The documented record of failure
$60K — soil remediation cost — BOFC specified the soil
97 yrs — no person of color or man on the committee
12+ yrs — continuous committee member Joanne Soroka (still listed on the official 2026 BOFC roster and serving as Vice President of the Buckland Council on Aging)
6 yrs — zero contact with a legacy artist they publicly defamed
THE $60,000 SOIL DISASTER — CONFIRMED
In April 2026, the contractor performing the soil remediation confirmed on the job site — twice, unprompted — that the Bridge of Flowers Committee explicitly specified the soil type used in the $3.2 million renovation. Not the engineers. Not the contractor. The BOFC. The cost of correcting that decision: approximately $60,000. As of this petition, there has been zero public disclosure of who is paying for it.
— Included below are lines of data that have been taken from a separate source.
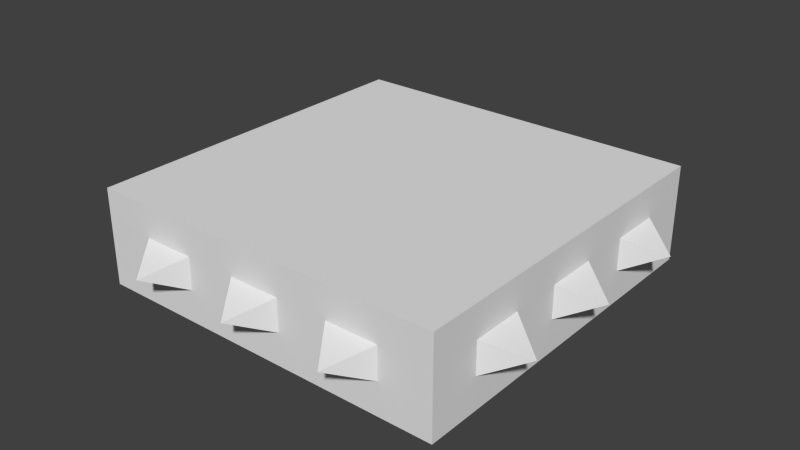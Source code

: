 # Source: plate-down.blend  (saved by Blender 2.76.0; exported with 4.5.12 LTS)
import bpy
from mathutils import Matrix  # noqa: F401  (used for matrix-valued properties, if any)

bpy.ops.wm.read_factory_settings(use_empty=True)
scene = bpy.context.scene
scene.name = 'Scene'

# ---- collections
col_collection_1 = bpy.data.collections.new('Collection 1'); scene.collection.children.link(col_collection_1)

# ---- world
world_world = bpy.data.worlds.new('World'); scene.world = world_world
world_world.color = (0.05088, 0.05088, 0.05088)
world_world.use_sun_shadow = False
world_world.sun_shadow_jitter_overblur = 0.0
world_world.cycles.sampling_method = 'MANUAL'
world_world.cycles.sample_map_resolution = 256

# ---- meshes
me_cube_011 = bpy.data.meshes.new('Cube.011')
me_cube_011.from_pydata([(-0.5357, -0.5357, -8.728e-08), (-0.5357, -0.75, -1.222e-07), (-0.75, -0.75, -1.222e-07), (-0.75, -0.5357, -8.728e-08), (-0.5357, -0.5357, 0.4), (-0.75, -0.5357, 0.4), (-0.75, -0.75, 0.4), (-0.5357, -0.75, 0.4), (0.75, -0.5357, 0.2667), (0.75, -0.5357, 0.4), (0.75, -0.75, 0.4), (0.75, -0.75, 0.2667), (-0.5357, -0.75, 0.2667), (-0.75, -0.75, 0.2667), (-0.75, 0.5357, 0.2667), (-0.75, 0.5357, 0.4), (-0.75, 0.75, 0.4), (-0.75, 0.75, 0.2667), (-0.5357, 0.75, 0.1333), (-0.5357, 0.75, 1.222e-07), (-0.75, 0.75, 1.222e-07), (-0.75, 0.75, 0.1333), (0.75, 0.75, 0.1333), (0.75, 0.75, 1.222e-07), (0.5357, 0.75, 1.222e-07), (0.5357, 0.75, 0.1333), (0.3214, 0.75, 1.222e-07), (0.3214, 0.75, 0.1333), (0.1071, 0.75, 1.222e-07), (0.1071, 0.75, 0.1333), (-0.1071, 0.75, 1.222e-07), (-0.1071, 0.75, 0.1333), (-0.3214, 0.75, 1.222e-07), (-0.3214, 0.75, 0.1333), (0.5357, -0.75, 0.4), (0.5357, -0.75, 0.2667), (0.3214, -0.75, 0.4), (0.3214, -0.75, 0.2667), (0.1071, -0.75, 0.4), (0.1071, -0.75, 0.2667), (-0.1071, -0.75, 0.4), (-0.1071, -0.75, 0.2667), (-0.3214, -0.75, 0.4), (-0.3214, -0.75, 0.2667), (0.5357, -0.5357, 0.4), (0.3214, -0.5357, 0.4), (0.1071, -0.5357, 0.4), (-0.1071, -0.5357, 0.4), (-0.3214, -0.5357, 0.4), (0.75, -0.5357, -8.728e-08), (0.75, -0.75, -1.222e-07), (0.5357, -0.75, -1.222e-07), (0.5357, -0.5357, -8.728e-08), (0.3214, -0.75, -1.222e-07), (0.3214, -0.5357, -8.728e-08), (0.1071, -0.75, -1.222e-07), (0.1071, -0.5357, -8.728e-08), (-0.1071, -0.75, -1.222e-07), (-0.1071, -0.5357, -8.728e-08), (-0.3214, -0.75, -1.222e-07), (-0.3214, -0.5357, -8.728e-08), (-0.3214, 0.5357, 8.728e-08), (-0.5357, 0.5357, 8.728e-08), (-0.3214, 0.3214, 5.237e-08), (-0.5357, 0.3214, 5.237e-08), (-0.3214, 0.1071, 1.746e-08), (-0.5357, 0.1071, 1.746e-08), (-0.3214, -0.1071, -1.746e-08), (-0.5357, -0.1071, -1.746e-08), (-0.3214, -0.3214, -5.237e-08), (-0.5357, -0.3214, -5.237e-08), (-0.1071, 0.5357, 8.728e-08), (-0.1071, 0.3214, 5.237e-08), (-0.1071, 0.1071, 1.746e-08), (-0.1071, -0.1071, -1.746e-08), (-0.1071, -0.3214, -5.237e-08), (0.1071, 0.5357, 8.728e-08), (0.1071, 0.3214, 5.237e-08), (0.1071, 0.1071, 1.746e-08), (0.1071, -0.1071, -1.746e-08), (0.1071, -0.3214, -5.237e-08), (0.3214, 0.5357, 8.728e-08), (0.3214, 0.3214, 5.237e-08), (0.3214, 0.1071, 1.746e-08), (0.3214, -0.1071, -1.746e-08), (0.3214, -0.3214, -5.237e-08), (0.5357, 0.5357, 8.728e-08), (0.5357, 0.3214, 5.237e-08), (0.5357, 0.1071, 1.746e-08), (0.5357, -0.1071, -1.746e-08), (0.5357, -0.3214, -5.237e-08), (0.75, 0.5357, 8.728e-08), (0.75, 0.3214, 5.237e-08), (0.75, 0.1071, 1.746e-08), (0.75, -0.1071, -1.746e-08), (0.75, -0.3214, -5.237e-08), (-0.3214, 0.75, 0.4), (-0.5357, 0.75, 0.4), (-0.5357, 0.5357, 0.4), (-0.3214, 0.5357, 0.4), (-0.5357, 0.3214, 0.4), (-0.3214, 0.3214, 0.4), (-0.5357, 0.1071, 0.4), (-0.3214, 0.1071, 0.4), (-0.5357, -0.1071, 0.4), (-0.3214, -0.1071, 0.4), (-0.5357, -0.3214, 0.4), (-0.3214, -0.3214, 0.4), (-0.1071, 0.75, 0.4), (-0.1071, 0.5357, 0.4), (-0.1071, 0.3214, 0.4), (-0.1071, 0.1071, 0.4), (-0.1071, -0.1071, 0.4), (-0.1071, -0.3214, 0.4), (0.1071, 0.75, 0.4), (0.1071, 0.5357, 0.4), (0.1071, 0.3214, 0.4), (0.1071, 0.1071, 0.4), (0.1071, -0.1071, 0.4), (0.1071, -0.3214, 0.4), (0.3214, 0.75, 0.4), (0.3214, 0.5357, 0.4), (0.3214, 0.3214, 0.4), (0.3214, 0.1071, 0.4), (0.3214, -0.1071, 0.4), (0.3214, -0.3214, 0.4), (0.5357, 0.75, 0.4), (0.5357, 0.5357, 0.4), (0.5357, 0.3214, 0.4), (0.5357, 0.1071, 0.4), (0.5357, -0.1071, 0.4), (0.5357, -0.3214, 0.4), (0.75, 0.75, 0.4), (0.75, 0.5357, 0.4), (0.75, 0.3214, 0.4), (0.75, 0.1071, 0.4), (0.75, -0.1071, 0.4), (0.75, -0.3214, 0.4), (-0.75, -0.5357, 0.2667), (-0.75, -0.3214, 0.4), (-0.75, -0.3214, 0.2667), (-0.75, -0.1071, 0.4), (-0.75, -0.1071, 0.2667), (-0.75, 0.1071, 0.4), (-0.75, 0.1071, 0.2667), (-0.75, 0.3214, 0.4), (-0.75, 0.3214, 0.2667), (0.75, 0.75, 0.2667), (0.75, 0.5357, 0.2667), (0.75, 0.3214, 0.2667), (0.75, 0.1071, 0.2667), (0.75, -0.1071, 0.2667), (0.75, -0.3214, 0.2667), (-0.75, 0.5357, 8.728e-08), (-0.75, 0.3214, 5.237e-08), (-0.75, 0.1071, 1.746e-08), (-0.75, -0.1071, -1.746e-08), (-0.75, -0.3214, -5.237e-08), (0.75, -0.3214, 0.1333), (0.75, -0.5357, 0.1333), (0.75, -0.1071, 0.1333), (0.75, 0.1071, 0.1333), (0.75, 0.3214, 0.1333), (0.75, 0.5357, 0.1333), (0.4286, 0.9, 0.2), (-0.75, 0.3214, 0.1333), (-0.75, 0.5357, 0.1333), (-0.75, 0.1071, 0.1333), (-0.75, -0.1071, 0.1333), (-0.9, -3.258e-08, 0.2), (-0.75, -0.3214, 0.1333), (-0.75, -0.5357, 0.1333), (-0.75, -0.75, 0.1333), (-0.3214, -0.75, 0.1333), (-0.5357, -0.75, 0.1333), (-0.1071, -0.75, 0.1333), (0.1071, -0.75, 0.1333), (0.3214, -0.75, 0.1333), (0.5357, -0.75, 0.1333), (0.75, -0.75, 0.1333), (-0.3214, 0.75, 0.2667), (-0.5357, 0.75, 0.2667), (-0.1071, 0.75, 0.2667), (0.1071, 0.75, 0.2667), (-0.9, 0.4286, 0.2), (0.3214, 0.75, 0.2667), (0.5357, 0.75, 0.2667), (0.9, 0.4286, 0.2), (0.9, -3.258e-08, 0.2), (-0.4286, 0.9, 0.2), (0.0, 0.9, 0.2), (-0.9, -0.4286, 0.2), (0.0, -0.9, 0.2), (0.4286, -0.9, 0.2), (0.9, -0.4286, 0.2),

The Greenfield Recorder ran a quote from a volunteer saying the plants “weren’t thriving.” That is the full public accounting the community has received.
John Sendelbach holds a Cornell B.S. in Floriculture and Ornamental Horticulture and completed a full semester of Soil Science. He had active installations on the bridge. He was not consulted. The BOFC made a decision requiring professional horticultural expertise without consulting the most credentialed horticulturist in the community — the same person they had publicly endorsed a defamatory campaign against in 2020. The $60,000 hole is the direct cost of that governance model.
BEFORE ANY OF THIS BEGAN — A 12+ YEAR BRIDGE OF FLOWERS COMMITTEE MEMBER’S THREATS
Joanne Soroka has been a continuous member of the Bridge of Flowers Committee since at least 2014 (12+ years as of 2026) and remains prominently listed on the official Bridge of Flowers Committee roster for 2026. She also serves as Vice President of the Buckland Council on Aging (term through 2025). On August 26, 2019 — nearly a full year before the Iron Bridge incident — she sent me the following email:
“Get this through your head. I have not told anyone your personal information… If you slander me, mention me, accuse me or anything that resembles that, I CERTAINLY will get a restrain order against you… I have many many threads from you where you are threatening and ranting… You are the one slinging bad info around, not me… Keep hitting me and I will not hesitate. You don’t know who you are fucking with… You are dead to me. Only when you call my name out, will I reawaken and I promise it will get ugly. All on you.”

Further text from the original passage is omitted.